The records below are to be transcribed exactly from their first line to the line that has "#8=PRODUCT_DEFINITION('design','',#6,#7);", inclusive, with every picture omitted.

Stored entries:

****************************************

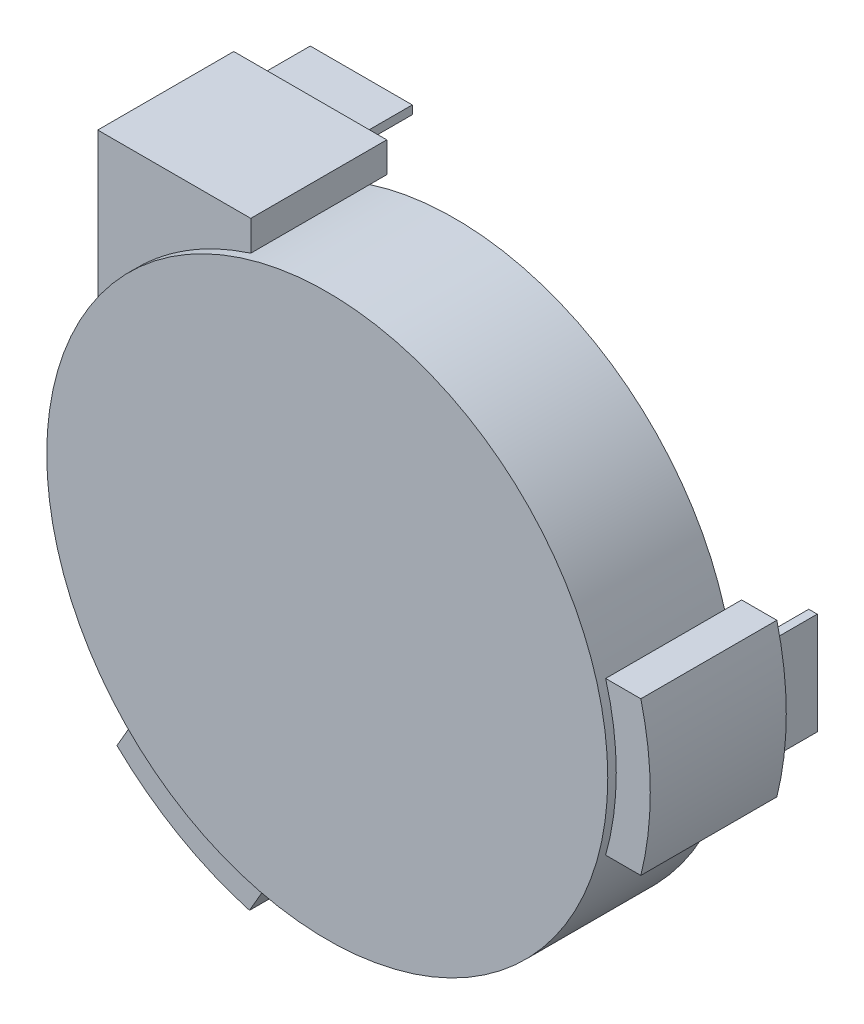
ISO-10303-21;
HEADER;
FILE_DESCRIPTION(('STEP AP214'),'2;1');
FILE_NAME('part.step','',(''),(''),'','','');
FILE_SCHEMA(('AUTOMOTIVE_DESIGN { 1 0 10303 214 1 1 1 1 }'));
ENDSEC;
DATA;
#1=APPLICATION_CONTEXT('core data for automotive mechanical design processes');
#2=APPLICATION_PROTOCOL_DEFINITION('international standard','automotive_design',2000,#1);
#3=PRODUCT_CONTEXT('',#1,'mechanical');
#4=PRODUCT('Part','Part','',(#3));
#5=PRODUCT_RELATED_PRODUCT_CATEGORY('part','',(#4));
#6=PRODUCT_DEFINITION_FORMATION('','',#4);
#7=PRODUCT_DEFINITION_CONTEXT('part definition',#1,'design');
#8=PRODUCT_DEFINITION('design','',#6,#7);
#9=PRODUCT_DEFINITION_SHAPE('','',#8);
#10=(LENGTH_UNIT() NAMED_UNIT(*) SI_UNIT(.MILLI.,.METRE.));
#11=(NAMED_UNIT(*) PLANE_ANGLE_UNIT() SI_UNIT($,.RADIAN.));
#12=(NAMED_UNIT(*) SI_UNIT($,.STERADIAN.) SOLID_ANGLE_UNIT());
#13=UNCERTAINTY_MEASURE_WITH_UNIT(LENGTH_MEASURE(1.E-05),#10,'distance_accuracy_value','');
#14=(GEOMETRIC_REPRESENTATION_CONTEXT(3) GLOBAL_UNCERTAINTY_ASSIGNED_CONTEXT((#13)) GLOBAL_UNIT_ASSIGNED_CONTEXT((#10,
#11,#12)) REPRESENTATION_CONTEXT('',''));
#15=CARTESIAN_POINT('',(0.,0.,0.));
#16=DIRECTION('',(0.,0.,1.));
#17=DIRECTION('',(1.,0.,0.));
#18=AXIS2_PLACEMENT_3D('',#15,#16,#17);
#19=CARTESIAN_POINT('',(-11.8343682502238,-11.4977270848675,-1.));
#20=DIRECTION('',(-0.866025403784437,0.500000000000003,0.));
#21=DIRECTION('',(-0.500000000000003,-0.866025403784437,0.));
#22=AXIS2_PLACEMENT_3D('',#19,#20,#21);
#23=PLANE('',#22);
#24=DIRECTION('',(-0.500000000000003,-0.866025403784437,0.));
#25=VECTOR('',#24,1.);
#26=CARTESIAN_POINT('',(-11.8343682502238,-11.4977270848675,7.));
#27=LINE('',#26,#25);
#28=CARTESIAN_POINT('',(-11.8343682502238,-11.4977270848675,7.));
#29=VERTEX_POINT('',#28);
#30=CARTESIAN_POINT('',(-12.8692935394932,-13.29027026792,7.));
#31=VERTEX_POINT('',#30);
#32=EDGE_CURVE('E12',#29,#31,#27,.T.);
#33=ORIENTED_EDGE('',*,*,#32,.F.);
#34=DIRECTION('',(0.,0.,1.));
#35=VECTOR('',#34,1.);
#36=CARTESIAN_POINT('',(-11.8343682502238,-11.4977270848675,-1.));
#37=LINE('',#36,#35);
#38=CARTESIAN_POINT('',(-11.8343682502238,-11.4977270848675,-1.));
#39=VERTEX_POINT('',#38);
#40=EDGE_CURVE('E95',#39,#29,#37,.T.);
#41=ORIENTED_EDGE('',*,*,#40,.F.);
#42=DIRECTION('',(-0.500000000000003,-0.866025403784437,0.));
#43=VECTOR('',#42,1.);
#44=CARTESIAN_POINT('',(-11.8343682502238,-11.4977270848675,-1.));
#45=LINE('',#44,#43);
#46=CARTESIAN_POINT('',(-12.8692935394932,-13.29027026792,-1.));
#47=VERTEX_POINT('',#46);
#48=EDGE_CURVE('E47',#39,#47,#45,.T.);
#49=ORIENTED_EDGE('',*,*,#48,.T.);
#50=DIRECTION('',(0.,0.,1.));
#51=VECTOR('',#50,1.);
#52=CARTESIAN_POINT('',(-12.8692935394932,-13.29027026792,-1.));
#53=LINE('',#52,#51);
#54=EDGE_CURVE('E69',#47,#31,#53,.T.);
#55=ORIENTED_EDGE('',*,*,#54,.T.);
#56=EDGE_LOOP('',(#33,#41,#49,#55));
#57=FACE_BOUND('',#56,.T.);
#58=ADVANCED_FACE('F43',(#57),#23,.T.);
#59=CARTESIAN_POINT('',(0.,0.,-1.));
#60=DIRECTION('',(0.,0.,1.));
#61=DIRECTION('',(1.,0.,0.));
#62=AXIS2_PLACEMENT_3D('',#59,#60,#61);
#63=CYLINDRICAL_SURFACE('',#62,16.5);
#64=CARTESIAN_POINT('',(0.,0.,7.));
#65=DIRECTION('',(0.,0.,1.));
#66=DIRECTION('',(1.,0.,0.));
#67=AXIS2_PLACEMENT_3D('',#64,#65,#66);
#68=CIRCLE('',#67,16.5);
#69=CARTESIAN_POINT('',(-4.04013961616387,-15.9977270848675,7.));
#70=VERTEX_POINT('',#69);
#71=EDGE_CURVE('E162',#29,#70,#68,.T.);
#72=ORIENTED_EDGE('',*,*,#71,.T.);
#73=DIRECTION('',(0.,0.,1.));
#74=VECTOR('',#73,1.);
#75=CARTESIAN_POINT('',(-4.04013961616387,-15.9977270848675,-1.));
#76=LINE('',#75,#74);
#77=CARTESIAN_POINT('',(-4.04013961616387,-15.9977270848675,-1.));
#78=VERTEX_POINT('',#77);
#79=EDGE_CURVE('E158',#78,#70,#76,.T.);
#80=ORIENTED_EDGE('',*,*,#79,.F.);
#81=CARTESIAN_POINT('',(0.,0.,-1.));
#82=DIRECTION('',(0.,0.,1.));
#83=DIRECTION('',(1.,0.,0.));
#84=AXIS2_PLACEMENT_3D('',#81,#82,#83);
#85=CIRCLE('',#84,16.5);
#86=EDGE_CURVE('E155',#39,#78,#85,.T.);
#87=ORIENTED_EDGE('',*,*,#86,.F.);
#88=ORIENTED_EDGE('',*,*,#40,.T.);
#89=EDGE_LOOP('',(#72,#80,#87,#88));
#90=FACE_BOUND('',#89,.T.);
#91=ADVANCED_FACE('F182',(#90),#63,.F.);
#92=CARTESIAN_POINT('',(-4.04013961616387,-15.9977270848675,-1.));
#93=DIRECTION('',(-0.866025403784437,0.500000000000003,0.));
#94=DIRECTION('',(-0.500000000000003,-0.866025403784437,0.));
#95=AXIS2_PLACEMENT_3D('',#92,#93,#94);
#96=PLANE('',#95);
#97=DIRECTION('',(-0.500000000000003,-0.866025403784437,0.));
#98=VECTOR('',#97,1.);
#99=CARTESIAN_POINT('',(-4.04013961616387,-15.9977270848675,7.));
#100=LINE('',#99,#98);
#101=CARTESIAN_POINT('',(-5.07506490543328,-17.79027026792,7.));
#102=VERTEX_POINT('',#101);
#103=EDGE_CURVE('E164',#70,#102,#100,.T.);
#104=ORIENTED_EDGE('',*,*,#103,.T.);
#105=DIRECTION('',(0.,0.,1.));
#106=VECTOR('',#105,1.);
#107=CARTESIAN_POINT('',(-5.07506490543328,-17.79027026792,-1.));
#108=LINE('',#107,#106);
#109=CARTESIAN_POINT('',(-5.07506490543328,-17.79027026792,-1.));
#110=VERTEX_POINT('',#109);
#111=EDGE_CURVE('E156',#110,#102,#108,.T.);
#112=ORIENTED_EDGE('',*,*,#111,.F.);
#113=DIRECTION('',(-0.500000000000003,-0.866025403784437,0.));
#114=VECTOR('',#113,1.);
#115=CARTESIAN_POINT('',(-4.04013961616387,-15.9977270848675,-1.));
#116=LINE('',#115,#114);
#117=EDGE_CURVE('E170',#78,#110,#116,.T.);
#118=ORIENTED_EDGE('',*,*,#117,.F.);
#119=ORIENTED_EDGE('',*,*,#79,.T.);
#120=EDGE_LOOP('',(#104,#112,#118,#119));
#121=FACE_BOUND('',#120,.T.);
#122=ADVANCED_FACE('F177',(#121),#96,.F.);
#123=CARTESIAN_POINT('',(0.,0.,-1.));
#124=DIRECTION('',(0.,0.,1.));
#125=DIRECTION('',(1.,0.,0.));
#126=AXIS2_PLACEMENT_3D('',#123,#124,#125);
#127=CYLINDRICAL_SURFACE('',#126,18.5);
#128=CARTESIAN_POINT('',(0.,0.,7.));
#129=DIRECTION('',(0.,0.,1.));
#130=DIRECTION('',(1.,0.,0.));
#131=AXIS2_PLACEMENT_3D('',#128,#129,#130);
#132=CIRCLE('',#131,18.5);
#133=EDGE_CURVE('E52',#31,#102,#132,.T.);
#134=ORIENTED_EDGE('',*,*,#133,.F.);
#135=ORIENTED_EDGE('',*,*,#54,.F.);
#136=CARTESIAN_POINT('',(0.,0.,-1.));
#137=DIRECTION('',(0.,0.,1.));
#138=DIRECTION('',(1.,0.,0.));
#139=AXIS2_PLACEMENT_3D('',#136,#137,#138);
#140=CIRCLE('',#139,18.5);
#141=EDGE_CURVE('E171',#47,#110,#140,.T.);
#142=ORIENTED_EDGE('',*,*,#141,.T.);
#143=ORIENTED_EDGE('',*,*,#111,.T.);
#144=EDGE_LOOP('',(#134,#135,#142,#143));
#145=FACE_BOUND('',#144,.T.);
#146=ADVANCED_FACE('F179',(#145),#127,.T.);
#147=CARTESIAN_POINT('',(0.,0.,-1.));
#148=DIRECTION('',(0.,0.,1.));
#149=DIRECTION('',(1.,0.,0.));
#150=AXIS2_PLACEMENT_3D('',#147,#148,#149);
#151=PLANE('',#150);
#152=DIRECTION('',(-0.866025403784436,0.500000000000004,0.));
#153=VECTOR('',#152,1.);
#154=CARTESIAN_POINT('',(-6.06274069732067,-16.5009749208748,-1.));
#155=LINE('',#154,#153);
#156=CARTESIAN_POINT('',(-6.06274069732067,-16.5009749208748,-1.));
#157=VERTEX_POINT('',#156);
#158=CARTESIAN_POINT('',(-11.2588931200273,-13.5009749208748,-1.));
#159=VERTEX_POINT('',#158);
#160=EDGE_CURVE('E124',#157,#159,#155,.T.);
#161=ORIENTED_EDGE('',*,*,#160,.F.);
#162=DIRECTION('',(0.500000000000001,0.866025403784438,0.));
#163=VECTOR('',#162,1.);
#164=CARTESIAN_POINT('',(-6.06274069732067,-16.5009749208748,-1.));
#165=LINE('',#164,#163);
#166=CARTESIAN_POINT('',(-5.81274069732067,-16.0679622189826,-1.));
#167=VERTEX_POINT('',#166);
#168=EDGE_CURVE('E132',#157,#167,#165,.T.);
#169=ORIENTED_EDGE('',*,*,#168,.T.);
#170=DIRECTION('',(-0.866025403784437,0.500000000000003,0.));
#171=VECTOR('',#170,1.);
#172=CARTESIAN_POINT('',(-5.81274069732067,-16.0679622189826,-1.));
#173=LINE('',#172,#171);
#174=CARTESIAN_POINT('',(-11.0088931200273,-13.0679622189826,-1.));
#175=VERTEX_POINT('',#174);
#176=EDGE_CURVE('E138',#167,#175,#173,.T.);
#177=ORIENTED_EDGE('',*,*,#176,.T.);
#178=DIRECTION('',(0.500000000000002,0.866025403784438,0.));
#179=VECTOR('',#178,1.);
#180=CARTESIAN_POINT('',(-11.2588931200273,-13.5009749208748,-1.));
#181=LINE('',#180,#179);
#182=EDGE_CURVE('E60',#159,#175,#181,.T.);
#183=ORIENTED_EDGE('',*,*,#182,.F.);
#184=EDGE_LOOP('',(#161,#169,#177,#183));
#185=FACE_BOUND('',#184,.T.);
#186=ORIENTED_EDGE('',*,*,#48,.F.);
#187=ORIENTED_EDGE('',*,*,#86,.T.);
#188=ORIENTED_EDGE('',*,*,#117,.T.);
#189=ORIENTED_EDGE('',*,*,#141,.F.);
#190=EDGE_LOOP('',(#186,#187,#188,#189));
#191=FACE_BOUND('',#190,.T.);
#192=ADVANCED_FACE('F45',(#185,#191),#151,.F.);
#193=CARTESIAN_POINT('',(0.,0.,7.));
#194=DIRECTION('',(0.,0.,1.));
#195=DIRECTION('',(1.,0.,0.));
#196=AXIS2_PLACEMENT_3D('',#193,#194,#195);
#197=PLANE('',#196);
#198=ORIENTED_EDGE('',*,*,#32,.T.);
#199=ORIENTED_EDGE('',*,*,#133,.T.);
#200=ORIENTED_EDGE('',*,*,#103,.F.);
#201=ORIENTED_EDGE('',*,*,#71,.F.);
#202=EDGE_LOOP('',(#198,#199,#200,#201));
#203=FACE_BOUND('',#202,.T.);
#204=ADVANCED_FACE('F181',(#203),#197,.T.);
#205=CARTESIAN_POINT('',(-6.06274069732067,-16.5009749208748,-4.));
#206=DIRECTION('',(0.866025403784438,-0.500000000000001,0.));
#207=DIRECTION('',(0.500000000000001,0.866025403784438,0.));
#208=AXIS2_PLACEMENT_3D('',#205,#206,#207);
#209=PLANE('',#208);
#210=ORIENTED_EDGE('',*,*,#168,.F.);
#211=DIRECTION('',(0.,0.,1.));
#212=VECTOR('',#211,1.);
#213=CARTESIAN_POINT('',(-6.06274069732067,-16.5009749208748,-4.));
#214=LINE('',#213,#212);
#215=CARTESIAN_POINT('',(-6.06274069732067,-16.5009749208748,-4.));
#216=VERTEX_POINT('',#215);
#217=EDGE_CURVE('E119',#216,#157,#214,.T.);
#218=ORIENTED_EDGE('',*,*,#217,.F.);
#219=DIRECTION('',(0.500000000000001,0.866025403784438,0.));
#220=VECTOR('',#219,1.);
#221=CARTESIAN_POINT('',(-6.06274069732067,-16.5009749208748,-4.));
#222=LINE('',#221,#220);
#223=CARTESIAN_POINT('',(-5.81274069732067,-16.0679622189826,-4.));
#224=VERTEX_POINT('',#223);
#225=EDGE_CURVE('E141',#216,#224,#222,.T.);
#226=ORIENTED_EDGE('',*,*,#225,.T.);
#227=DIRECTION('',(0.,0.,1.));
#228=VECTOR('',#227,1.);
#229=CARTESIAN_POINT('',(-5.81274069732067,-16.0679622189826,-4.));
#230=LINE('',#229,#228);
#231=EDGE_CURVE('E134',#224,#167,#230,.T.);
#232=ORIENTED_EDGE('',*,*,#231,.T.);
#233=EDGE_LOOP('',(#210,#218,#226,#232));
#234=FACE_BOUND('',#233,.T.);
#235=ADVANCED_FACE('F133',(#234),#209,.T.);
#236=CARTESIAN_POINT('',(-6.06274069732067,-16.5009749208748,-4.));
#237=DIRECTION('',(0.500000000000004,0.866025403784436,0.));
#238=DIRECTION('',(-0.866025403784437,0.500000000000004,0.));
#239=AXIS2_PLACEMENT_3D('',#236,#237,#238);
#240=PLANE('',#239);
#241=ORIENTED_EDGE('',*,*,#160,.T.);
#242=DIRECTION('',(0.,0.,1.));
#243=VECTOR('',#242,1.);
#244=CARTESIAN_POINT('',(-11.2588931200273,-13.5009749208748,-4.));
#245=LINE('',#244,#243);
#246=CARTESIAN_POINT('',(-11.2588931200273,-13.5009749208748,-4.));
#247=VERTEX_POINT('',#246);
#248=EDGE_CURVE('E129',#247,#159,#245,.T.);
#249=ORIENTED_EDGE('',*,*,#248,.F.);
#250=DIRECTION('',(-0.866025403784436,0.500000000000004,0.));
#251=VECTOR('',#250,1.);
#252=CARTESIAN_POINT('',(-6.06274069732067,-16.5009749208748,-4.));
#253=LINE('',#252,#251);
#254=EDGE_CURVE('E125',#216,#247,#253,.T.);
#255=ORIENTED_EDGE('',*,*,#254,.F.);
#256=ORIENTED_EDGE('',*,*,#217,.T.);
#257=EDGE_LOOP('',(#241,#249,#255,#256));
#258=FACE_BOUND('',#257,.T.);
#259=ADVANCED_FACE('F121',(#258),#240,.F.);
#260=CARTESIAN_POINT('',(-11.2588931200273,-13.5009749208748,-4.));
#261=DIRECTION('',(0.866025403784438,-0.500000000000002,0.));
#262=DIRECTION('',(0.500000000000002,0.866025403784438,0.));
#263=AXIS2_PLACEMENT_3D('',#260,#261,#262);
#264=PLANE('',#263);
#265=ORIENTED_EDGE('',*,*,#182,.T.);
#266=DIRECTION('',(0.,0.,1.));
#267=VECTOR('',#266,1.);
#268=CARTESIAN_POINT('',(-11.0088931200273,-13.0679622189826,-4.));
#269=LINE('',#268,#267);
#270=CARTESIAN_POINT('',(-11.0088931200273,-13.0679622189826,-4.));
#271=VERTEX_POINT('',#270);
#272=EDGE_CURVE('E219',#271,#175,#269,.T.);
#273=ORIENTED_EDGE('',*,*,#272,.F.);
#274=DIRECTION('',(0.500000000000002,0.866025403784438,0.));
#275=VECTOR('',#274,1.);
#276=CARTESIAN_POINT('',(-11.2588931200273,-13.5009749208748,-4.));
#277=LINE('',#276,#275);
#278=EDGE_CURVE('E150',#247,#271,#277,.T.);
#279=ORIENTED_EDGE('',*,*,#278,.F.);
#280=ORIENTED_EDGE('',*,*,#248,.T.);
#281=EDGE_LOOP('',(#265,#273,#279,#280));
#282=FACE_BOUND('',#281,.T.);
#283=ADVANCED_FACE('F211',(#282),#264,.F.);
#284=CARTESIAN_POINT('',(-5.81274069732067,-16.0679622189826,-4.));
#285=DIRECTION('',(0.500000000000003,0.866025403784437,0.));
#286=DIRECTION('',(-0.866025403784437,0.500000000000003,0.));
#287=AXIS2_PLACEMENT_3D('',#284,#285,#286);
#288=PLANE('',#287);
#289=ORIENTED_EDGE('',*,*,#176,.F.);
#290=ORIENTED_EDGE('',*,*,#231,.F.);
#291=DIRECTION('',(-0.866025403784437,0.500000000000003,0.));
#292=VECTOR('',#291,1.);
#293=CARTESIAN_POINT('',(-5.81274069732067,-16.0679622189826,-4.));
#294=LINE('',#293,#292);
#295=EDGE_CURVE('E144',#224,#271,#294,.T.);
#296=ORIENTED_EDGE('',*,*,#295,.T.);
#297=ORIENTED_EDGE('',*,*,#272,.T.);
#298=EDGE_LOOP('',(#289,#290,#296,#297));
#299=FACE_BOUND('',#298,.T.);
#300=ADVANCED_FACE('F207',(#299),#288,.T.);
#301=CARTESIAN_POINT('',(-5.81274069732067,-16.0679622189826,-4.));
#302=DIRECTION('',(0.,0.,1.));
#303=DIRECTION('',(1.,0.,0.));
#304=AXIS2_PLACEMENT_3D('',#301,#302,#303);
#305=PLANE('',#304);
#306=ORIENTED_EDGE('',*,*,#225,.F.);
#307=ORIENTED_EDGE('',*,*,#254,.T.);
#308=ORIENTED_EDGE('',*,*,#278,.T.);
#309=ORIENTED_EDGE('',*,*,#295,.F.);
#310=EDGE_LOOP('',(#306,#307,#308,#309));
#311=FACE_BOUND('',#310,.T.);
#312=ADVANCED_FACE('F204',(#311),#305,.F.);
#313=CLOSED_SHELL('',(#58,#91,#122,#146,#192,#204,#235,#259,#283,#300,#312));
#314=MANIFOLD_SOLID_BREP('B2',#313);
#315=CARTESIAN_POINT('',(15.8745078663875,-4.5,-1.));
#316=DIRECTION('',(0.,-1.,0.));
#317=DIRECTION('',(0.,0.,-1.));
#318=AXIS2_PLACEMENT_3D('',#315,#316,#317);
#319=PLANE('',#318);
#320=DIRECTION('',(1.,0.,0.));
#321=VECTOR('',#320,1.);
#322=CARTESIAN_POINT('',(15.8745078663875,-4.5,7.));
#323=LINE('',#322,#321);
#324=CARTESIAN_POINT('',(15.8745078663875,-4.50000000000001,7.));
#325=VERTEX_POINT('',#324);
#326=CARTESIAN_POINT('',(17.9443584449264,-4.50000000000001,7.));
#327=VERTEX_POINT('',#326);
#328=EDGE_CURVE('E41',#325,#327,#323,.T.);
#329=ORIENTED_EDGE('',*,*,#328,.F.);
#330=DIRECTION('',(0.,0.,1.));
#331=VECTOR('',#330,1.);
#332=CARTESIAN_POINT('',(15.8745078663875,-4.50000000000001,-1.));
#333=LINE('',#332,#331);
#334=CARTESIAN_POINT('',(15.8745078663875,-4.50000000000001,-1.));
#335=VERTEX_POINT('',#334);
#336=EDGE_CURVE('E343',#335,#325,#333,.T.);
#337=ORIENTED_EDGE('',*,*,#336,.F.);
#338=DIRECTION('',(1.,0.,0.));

****************************************

• [SOLUTION]
ISO-10303-21;
HEADER;
FILE_DESCRIPTION(('STEP AP214'),'2;1');
FILE_NAME('part.step','',(''),(''),'','','');
FILE_SCHEMA(('AUTOMOTIVE_DESIGN { 1 0 10303 214 1 1 1 1 }'));
ENDSEC;
DATA;
#1=APPLICATION_CONTEXT('core data for automotive mechanical design processes');
#2=APPLICATION_PROTOCOL_DEFINITION('international standard','automotive_design',2000,#1);
#3=PRODUCT_CONTEXT('',#1,'mechanical');
#4=PRODUCT('Part','Part','',(#3));
#5=PRODUCT_RELATED_PRODUCT_CATEGORY('part','',(#4));
#6=PRODUCT_DEFINITION_FORMATION('','',#4);
#7=PRODUCT_DEFINITION_CONTEXT('part definition',#1,'design');
#8=PRODUCT_DEFINITION('design','',#6,#7);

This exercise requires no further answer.